I well remember a certain day during the cold stretch
- it was Feby 4th 1917 - reckoned in the German papers to have been the coldest day for twenty-five years, I had gone out with a small working party to a brick kiln adjacent to the camp, our job was digging bricks out of the frozen ground and as my breakfast that morning had been a bowl of substitute coffee it was not surprising when I went out in a faint luckily I was caught when falling, otherwise with the loose bricks about I may have caught a "souvenir" out of it.

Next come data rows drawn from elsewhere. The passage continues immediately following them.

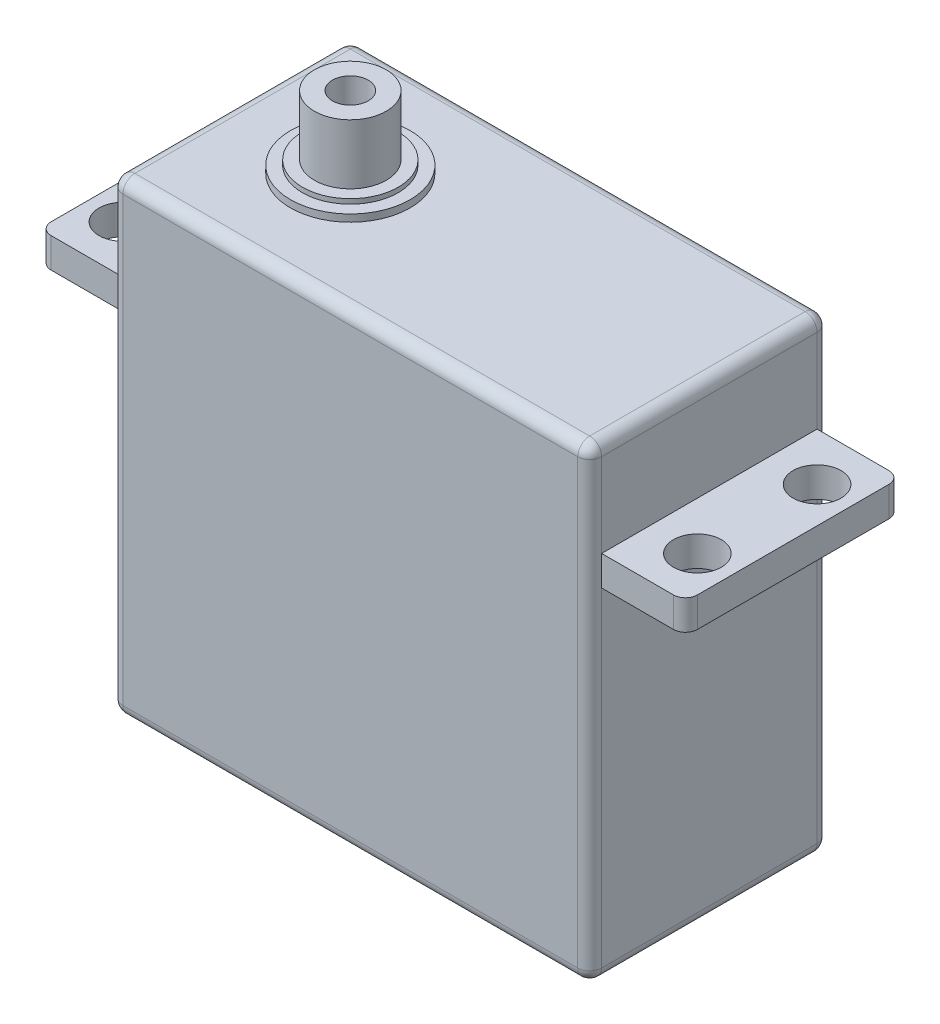
from build123d import *

# Parameters (mm, degrees)
SKETCH_2_W          = 40
SKETCH_2_H          = 39
EXTRUDE_1_DEPTH     = 20
FILLET_1_R          = 1
SKETCH_4_R          = 3
EXTRUDE_2_DEPTH     = 6
SKETCH_5_W          = 18
SKETCH_5_H          = 2.5
EXTRUDE_3_DEPTH     = 7
SKETCH_7_W          = 18
SKETCH_7_H          = 2.5
EXTRUDE_4_DEPTH     = 7
SKETCH_8_R          = 2
CUT_EXTRUDE_1_DEPTH = 7
FILLET_2_R          = 1
SKETCH_12_R         = 1.5
CUT_EXTRUDE_2_DEPTH = 7
SKETCH_13_R         = 4
EXTRUDE_5_DEPTH     = 1
SKETCH_14_R         = 5
EXTRUDE_6_DEPTH     = 0.6
CUT_EXTRUDE_3_REACH = 66.23
SKETCH_15_R         = 1.5


with BuildPart() as part:
    # 草图2 → 凸台-拉伸1 (new body)
    with BuildSketch(Plane.XY):
        with Locations((-19.102827215, 35.538568444)):
            Rectangle(SKETCH_2_W, SKETCH_2_H)
    extrude(amount=EXTRUDE_1_DEPTH)

    # 圆角1
    fillet_1_edges = [part.edges().sort_by_distance(p)[0] for p in [
        (0.897172785, 55.038568444, 10),
        (-19.102827215, 55.038568444, 0),
        (-39.102827215, 55.038568444, 10),
        (-39.102827215, 35.538568444, 0),
        (-39.102827215, 16.038568444, 10),
        (-19.102827215, 16.038568444, 0),
        (0.897172785, 35.538568444, 0),
        (0.897172785, 16.038568444, 10),
        (-19.102827215, 16.038568444, 20),
        (0.897172785, 35.538568444, 20),
        (-19.102827215, 55.038568444, 20),
        (-39.102827215, 35.538568444, 20),
    ]]
    fillet(fillet_1_edges, radius=FILLET_1_R)

    # 草图5 → 凸台-拉伸3 (add)
    with BuildSketch(Plane(origin=(0.897172785, 0, 0), x_dir=(0, 0, -1), z_dir=(1, 0, 0))):
        with Locations((-10, 45.788568444)):
            Rectangle(SKETCH_5_W, SKETCH_5_H)
    extrude(amount=EXTRUDE_3_DEPTH)

    # 草图7 → 凸台-拉伸4 (add)
    with BuildSketch(Plane.ZY.offset(39.102827215)):
        with Locations((10, 45.788568444)):
            Rectangle(SKETCH_7_W, SKETCH_7_H)
    extrude(amount=EXTRUDE_4_DEPTH)

    # 草图8 → 切除-拉伸1 (cut)
    with BuildSketch(Plane(origin=(0, 47.038568444, 0), x_dir=(1, 0, 0), z_dir=(0, 1, 0))):
        with Locations((-43.102827215, -5)):
            Circle(SKETCH_8_R)
        with Locations((-43.102827215, -15)):
            Circle(SKETCH_8_R)
        with Locations((4.897172785, -5)):
            Circle(SKETCH_8_R)
        with Locations((4.897172785, -15)):
            Circle(SKETCH_8_R)
    extrude(amount=-CUT_EXTRUDE_1_DEPTH, mode=Mode.SUBTRACT)

    # 圆角2
    fillet_2_edges = [part.edges().sort_by_distance(p)[0] for p in [
        (7.897172785, 45.788568444, 19),
        (7.897172785, 45.788568444, 1),
        (-46.102827215, 45.788568444, 19),
        (-46.102827215, 45.788568444, 1),
    ]]
    fillet(fillet_2_edges, radius=FILLET_2_R)


with BuildPart() as body_2:
    # 草图4 → 凸台-拉伸2 (new body)
    with BuildSketch(Plane(origin=(0, 55.038568444, 0), x_dir=(1, 0, 0), z_dir=(0, 1, 0))):
        with Locations((-29.102827215, -10)):
            Circle(SKETCH_4_R)
    extrude(amount=EXTRUDE_2_DEPTH)


with BuildPart() as cut_extrude_2_tool:
    # 草图12 → 切除-拉伸2 (new body)
    with BuildSketch(Plane(origin=(0, 61.038568444, 0), x_dir=(1, 0, 0), z_dir=(0, 1, 0))):
        with Locations((-29.102827215, -10)):
            Circle(SKETCH_12_R)
    extrude(amount=-CUT_EXTRUDE_2_DEPTH)


with BuildPart() as part_1:
    add(part.part)

    # 切除-拉伸2: cut by cut_extrude_2_tool
    add(cut_extrude_2_tool.part, mode=Mode.SUBTRACT)



with BuildPart() as body_2_1:
    add(body_2.part)

    # 切除-拉伸2: cut by cut_extrude_2_tool
    add(cut_extrude_2_tool.part, mode=Mode.SUBTRACT)


with BuildPart() as part_2:
    add(part_1.part)

    add(body_2_1.part)  # 凸台-拉伸5 merges body 2
    # 草图13 → 凸台-拉伸5 (add)
    with BuildSketch(Plane(origin=(0, 55.038568444, 0), x_dir=(1, 0, 0), z_dir=(0, 1, 0))):
        with Locations((-29.102827215, -10)):
            Circle(SKETCH_13_R)
    extrude(amount=EXTRUDE_5_DEPTH)

    # 草图14 → 凸台-拉伸6 (add)
    with BuildSketch(Plane(origin=(0, 55.038568444, 0), x_dir=(1, 0, 0), z_dir=(0, 1, 0))):
        with Locations((-29.102827215, -10)):
            Circle(SKETCH_14_R)
    extrude(amount=EXTRUDE_6_DEPTH)

    # 草图15 → 切除-拉伸3 (cut, up to next)
    with BuildSketch(Plane(origin=(0, 56.038568444, 0), x_dir=(1, 0, 0), z_dir=(0, 1, 0)), mode=Mode.PRIVATE) as cut_extrude_3_sk1:
        with Locations((-29.102827215, -10)):
            Circle(SKETCH_15_R)
    cut_extrude_3_tool1 = extrude(cut_extrude_3_sk1.sketch, amount=-CUT_EXTRUDE_3_REACH, mode=Mode.PRIVATE) & part_2.part
    add(cut_extrude_3_tool1.solids().sort_by_distance((-29.102827, 56.038568, 10))[0], mode=Mode.SUBTRACT)


solid = part_2.part

Anyway when I came to I was compelled to make some pretence at working - I may state that from experience one took great stock of his sentry before arguing the point with him, if he appeared at all weak or "blase" you loafed at your Job, If he appeared to he of the "Prussian" type or "he was one of those elderly patriots - who only knew the war from their papers- you did just what you were told rather than run the risk of "falling foul" with him, for you didn't know what he was capable of doing--- it might he the cold steel of his bayonet or a gentle reminder with the butt of "his rifle".
      On a certain occasion 1 witnessed an elderly 'Frenchman beaten unconscious with the flat of a sword by a German officer, his offence being that he didn't get out of the road quick enough when passing this officer.
      Early in March I was examined, with forty other Englishmen, & classified as fit for "arbide" (work) by the camp Doctor.